■ **AIM OF THE TASK**
Given the listing below, write out exactly the lines starting with the line that has "#9=PRODUCT_DEFINITION_SHAPE('','',#8);" and going on through the line that has "#12=(NAMED_UNIT(*) SI_UNIT($,.STERADIAN.) SOLID_ANGLE_UNIT());", both kept.

■ **PROVIDED ENTRIES**
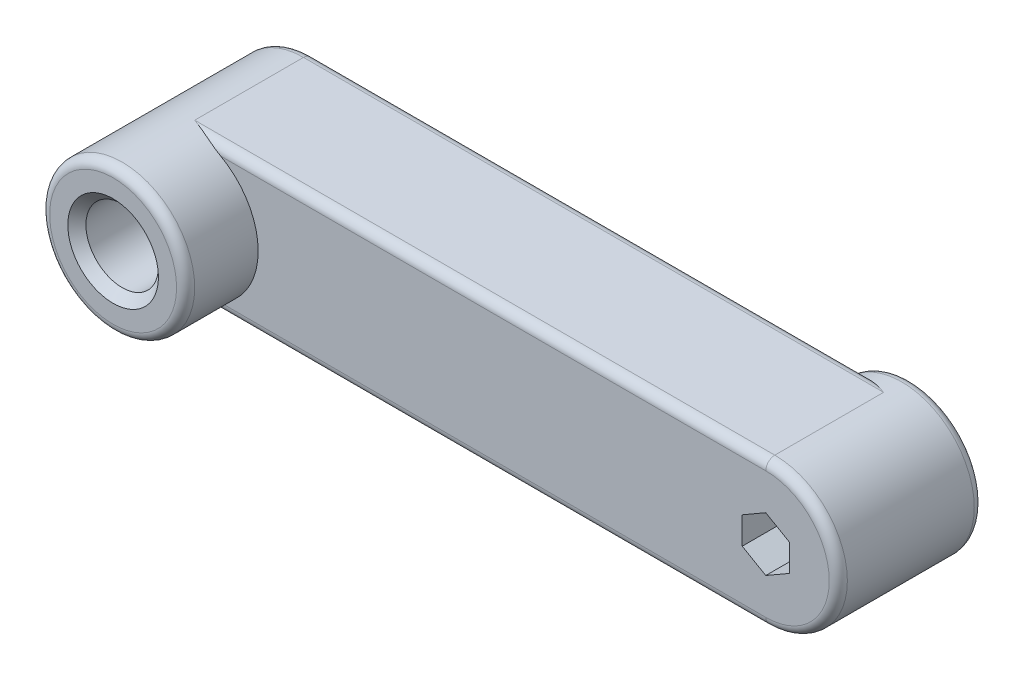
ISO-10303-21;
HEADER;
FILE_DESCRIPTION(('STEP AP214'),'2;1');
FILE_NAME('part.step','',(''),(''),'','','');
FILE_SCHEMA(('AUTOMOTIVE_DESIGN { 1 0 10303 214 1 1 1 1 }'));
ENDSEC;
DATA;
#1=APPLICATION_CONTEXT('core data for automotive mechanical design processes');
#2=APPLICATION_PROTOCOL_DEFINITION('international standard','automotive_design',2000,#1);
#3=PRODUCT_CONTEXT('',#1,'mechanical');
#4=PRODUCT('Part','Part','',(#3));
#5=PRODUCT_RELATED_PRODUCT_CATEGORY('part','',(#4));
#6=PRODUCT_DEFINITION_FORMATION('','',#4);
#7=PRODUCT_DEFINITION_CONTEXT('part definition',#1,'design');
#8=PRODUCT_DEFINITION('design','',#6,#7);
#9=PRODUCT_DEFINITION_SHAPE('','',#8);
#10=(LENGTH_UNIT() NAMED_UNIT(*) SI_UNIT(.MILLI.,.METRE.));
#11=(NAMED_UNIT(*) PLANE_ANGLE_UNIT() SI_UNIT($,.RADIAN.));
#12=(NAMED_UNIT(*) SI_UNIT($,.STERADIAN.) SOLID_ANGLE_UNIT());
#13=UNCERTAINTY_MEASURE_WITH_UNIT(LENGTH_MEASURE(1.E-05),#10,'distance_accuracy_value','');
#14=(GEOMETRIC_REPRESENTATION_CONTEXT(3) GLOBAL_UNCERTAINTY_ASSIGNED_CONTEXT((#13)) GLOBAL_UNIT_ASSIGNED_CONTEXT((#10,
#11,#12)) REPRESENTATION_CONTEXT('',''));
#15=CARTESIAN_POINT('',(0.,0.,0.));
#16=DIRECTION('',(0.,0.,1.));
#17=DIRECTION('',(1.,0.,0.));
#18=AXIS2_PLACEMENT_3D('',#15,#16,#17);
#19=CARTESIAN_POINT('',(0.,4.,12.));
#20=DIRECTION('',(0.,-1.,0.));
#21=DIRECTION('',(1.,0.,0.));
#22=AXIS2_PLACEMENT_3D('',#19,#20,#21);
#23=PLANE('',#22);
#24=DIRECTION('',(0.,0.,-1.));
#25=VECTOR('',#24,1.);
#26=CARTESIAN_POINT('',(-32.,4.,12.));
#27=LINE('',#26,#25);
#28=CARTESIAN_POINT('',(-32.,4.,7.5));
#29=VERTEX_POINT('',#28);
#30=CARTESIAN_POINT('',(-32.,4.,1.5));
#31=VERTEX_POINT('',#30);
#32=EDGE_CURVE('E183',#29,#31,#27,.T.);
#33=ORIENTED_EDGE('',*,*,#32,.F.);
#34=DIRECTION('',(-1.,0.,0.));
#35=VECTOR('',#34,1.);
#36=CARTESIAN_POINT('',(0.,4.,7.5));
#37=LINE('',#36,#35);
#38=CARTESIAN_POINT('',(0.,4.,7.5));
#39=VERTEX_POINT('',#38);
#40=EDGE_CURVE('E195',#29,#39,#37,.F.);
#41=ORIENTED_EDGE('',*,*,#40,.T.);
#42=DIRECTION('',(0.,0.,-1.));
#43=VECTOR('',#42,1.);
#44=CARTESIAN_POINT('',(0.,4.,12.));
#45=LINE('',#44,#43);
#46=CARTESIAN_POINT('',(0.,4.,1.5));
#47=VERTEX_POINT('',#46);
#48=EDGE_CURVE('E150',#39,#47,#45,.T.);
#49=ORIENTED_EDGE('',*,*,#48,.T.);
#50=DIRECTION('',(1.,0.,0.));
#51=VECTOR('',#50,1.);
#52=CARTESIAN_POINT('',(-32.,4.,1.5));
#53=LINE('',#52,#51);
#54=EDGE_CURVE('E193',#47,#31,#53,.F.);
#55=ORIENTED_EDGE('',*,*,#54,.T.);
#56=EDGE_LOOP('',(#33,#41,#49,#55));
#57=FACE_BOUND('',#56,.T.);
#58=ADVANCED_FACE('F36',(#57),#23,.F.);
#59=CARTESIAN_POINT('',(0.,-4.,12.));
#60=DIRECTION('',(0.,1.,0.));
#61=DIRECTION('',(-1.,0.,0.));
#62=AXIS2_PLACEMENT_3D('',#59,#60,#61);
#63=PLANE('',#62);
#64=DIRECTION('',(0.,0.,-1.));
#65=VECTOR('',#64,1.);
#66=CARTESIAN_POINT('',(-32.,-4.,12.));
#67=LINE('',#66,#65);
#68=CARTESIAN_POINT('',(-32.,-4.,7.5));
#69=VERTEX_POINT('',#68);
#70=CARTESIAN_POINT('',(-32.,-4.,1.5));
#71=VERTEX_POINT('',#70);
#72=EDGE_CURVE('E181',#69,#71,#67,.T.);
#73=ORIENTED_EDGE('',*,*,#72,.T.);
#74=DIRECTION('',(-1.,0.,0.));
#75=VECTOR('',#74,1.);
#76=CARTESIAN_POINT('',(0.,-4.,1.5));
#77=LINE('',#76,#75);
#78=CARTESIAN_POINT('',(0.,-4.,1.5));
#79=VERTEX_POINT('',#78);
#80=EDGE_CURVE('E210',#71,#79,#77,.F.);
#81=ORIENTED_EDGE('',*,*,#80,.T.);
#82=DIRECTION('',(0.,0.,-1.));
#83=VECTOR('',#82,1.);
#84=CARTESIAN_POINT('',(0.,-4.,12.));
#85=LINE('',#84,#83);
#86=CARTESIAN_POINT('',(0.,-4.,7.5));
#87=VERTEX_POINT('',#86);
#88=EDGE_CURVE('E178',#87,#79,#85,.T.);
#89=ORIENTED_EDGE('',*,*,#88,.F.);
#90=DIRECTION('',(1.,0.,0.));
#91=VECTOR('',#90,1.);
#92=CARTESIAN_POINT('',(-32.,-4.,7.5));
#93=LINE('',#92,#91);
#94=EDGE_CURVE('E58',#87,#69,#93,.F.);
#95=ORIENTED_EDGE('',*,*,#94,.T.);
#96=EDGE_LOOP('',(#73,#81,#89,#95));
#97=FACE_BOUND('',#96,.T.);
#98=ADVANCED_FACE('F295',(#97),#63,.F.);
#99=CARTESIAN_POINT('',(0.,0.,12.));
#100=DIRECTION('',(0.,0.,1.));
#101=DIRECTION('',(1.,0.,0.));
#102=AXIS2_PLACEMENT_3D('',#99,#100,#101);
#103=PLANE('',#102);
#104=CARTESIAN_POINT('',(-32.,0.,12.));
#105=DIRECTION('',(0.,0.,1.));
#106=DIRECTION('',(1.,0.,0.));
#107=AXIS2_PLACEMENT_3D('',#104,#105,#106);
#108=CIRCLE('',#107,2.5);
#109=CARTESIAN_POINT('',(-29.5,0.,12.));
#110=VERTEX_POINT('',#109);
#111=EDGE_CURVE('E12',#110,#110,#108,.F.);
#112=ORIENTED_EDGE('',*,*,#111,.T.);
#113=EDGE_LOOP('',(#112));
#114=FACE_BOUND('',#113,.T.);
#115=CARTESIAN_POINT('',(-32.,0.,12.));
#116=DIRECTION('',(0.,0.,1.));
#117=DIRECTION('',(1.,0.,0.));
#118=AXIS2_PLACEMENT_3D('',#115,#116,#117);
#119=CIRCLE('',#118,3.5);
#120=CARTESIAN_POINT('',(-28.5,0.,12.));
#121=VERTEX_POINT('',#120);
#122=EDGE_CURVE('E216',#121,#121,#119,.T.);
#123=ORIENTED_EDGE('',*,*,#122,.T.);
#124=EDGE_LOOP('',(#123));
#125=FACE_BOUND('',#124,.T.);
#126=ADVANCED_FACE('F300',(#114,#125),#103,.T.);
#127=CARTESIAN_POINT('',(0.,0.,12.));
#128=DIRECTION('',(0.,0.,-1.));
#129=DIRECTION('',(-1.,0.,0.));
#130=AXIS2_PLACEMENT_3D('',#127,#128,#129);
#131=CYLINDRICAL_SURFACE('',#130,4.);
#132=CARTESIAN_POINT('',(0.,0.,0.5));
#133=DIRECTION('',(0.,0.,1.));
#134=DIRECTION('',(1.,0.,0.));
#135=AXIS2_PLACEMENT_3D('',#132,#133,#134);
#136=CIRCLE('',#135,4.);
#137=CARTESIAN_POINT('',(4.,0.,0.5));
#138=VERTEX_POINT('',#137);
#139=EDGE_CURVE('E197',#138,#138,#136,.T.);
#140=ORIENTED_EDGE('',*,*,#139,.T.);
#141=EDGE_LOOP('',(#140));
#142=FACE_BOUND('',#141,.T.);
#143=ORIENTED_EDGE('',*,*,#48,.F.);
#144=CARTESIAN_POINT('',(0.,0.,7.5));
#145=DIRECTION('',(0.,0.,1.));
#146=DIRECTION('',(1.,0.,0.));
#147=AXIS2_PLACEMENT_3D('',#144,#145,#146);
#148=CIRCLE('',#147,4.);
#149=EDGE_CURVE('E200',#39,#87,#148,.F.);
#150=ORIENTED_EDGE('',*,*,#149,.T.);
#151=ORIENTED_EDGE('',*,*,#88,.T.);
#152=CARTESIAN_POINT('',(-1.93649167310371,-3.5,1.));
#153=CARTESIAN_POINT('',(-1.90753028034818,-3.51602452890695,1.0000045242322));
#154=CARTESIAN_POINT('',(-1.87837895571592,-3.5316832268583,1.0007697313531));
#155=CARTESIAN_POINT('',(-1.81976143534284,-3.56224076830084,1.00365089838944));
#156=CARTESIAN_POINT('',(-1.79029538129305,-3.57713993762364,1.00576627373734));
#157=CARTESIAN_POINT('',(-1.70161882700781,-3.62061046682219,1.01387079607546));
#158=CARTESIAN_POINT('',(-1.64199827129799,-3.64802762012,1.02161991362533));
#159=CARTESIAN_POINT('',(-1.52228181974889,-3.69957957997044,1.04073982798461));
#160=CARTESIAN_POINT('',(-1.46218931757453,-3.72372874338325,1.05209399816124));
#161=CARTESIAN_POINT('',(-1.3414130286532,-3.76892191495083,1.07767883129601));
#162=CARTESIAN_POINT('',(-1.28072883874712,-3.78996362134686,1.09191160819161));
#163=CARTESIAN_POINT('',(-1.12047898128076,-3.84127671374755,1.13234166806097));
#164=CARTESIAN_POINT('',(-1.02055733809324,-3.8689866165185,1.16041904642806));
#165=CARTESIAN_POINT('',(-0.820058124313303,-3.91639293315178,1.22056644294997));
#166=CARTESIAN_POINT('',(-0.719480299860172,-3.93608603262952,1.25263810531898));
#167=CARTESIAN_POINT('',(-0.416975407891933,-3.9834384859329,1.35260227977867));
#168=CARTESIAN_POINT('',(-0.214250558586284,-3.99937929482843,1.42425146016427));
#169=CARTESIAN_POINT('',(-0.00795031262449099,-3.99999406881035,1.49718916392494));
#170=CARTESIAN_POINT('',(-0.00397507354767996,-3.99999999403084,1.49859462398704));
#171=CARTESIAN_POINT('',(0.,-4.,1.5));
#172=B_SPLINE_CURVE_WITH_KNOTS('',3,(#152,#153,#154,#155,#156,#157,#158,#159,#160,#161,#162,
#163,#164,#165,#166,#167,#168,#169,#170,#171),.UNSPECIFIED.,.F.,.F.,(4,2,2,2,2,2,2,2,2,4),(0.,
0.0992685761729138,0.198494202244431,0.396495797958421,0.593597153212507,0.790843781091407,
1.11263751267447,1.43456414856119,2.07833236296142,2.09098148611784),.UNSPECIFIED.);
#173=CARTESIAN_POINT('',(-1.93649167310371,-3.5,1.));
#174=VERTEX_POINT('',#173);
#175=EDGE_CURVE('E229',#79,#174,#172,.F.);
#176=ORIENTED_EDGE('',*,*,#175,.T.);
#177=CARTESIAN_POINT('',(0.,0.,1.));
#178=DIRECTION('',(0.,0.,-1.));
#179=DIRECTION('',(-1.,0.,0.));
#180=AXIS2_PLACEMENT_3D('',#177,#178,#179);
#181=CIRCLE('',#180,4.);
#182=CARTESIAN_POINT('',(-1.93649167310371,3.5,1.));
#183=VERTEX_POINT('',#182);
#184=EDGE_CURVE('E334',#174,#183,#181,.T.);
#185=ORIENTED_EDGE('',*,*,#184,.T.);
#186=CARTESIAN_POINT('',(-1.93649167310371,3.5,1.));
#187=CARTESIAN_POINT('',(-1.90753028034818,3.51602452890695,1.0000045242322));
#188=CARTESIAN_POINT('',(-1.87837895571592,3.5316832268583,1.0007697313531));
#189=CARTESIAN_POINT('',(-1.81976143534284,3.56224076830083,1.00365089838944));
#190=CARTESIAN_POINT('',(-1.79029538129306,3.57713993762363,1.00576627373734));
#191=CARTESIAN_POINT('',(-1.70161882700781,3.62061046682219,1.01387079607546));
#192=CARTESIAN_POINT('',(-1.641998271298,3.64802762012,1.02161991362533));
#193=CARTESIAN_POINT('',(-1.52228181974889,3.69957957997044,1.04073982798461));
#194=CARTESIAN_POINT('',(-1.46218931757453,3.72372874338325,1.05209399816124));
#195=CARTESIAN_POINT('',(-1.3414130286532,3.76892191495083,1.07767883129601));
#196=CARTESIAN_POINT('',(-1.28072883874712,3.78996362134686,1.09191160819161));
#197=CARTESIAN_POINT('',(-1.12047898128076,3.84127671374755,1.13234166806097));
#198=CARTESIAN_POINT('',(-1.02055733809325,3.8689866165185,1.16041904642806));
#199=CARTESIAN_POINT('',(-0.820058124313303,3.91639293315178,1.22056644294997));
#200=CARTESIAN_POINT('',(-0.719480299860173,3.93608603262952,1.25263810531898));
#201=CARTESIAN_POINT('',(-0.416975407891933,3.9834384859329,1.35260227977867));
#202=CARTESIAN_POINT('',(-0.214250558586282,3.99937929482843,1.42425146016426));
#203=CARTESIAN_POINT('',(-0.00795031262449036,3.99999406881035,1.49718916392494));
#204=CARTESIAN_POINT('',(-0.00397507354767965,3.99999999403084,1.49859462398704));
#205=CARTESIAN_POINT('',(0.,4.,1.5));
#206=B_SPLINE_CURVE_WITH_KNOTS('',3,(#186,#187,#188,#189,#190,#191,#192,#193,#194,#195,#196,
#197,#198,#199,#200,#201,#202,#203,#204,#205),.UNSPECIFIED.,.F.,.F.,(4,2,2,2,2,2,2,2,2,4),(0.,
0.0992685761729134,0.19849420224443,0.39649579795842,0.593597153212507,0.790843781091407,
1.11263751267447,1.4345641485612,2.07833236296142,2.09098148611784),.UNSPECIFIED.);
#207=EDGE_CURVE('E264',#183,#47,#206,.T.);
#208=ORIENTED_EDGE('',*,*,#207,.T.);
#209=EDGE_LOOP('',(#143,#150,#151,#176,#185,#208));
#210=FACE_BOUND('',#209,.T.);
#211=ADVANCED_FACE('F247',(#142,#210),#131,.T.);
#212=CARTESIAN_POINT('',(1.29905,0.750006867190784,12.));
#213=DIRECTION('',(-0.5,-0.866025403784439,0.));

■ **WRITTEN REPLY**
#9=PRODUCT_DEFINITION_SHAPE('','',#8);
#10=(LENGTH_UNIT() NAMED_UNIT(*) SI_UNIT(.MILLI.,.METRE.));
#11=(NAMED_UNIT(*) PLANE_ANGLE_UNIT() SI_UNIT($,.RADIAN.));
#12=(NAMED_UNIT(*) SI_UNIT($,.STERADIAN.) SOLID_ANGLE_UNIT());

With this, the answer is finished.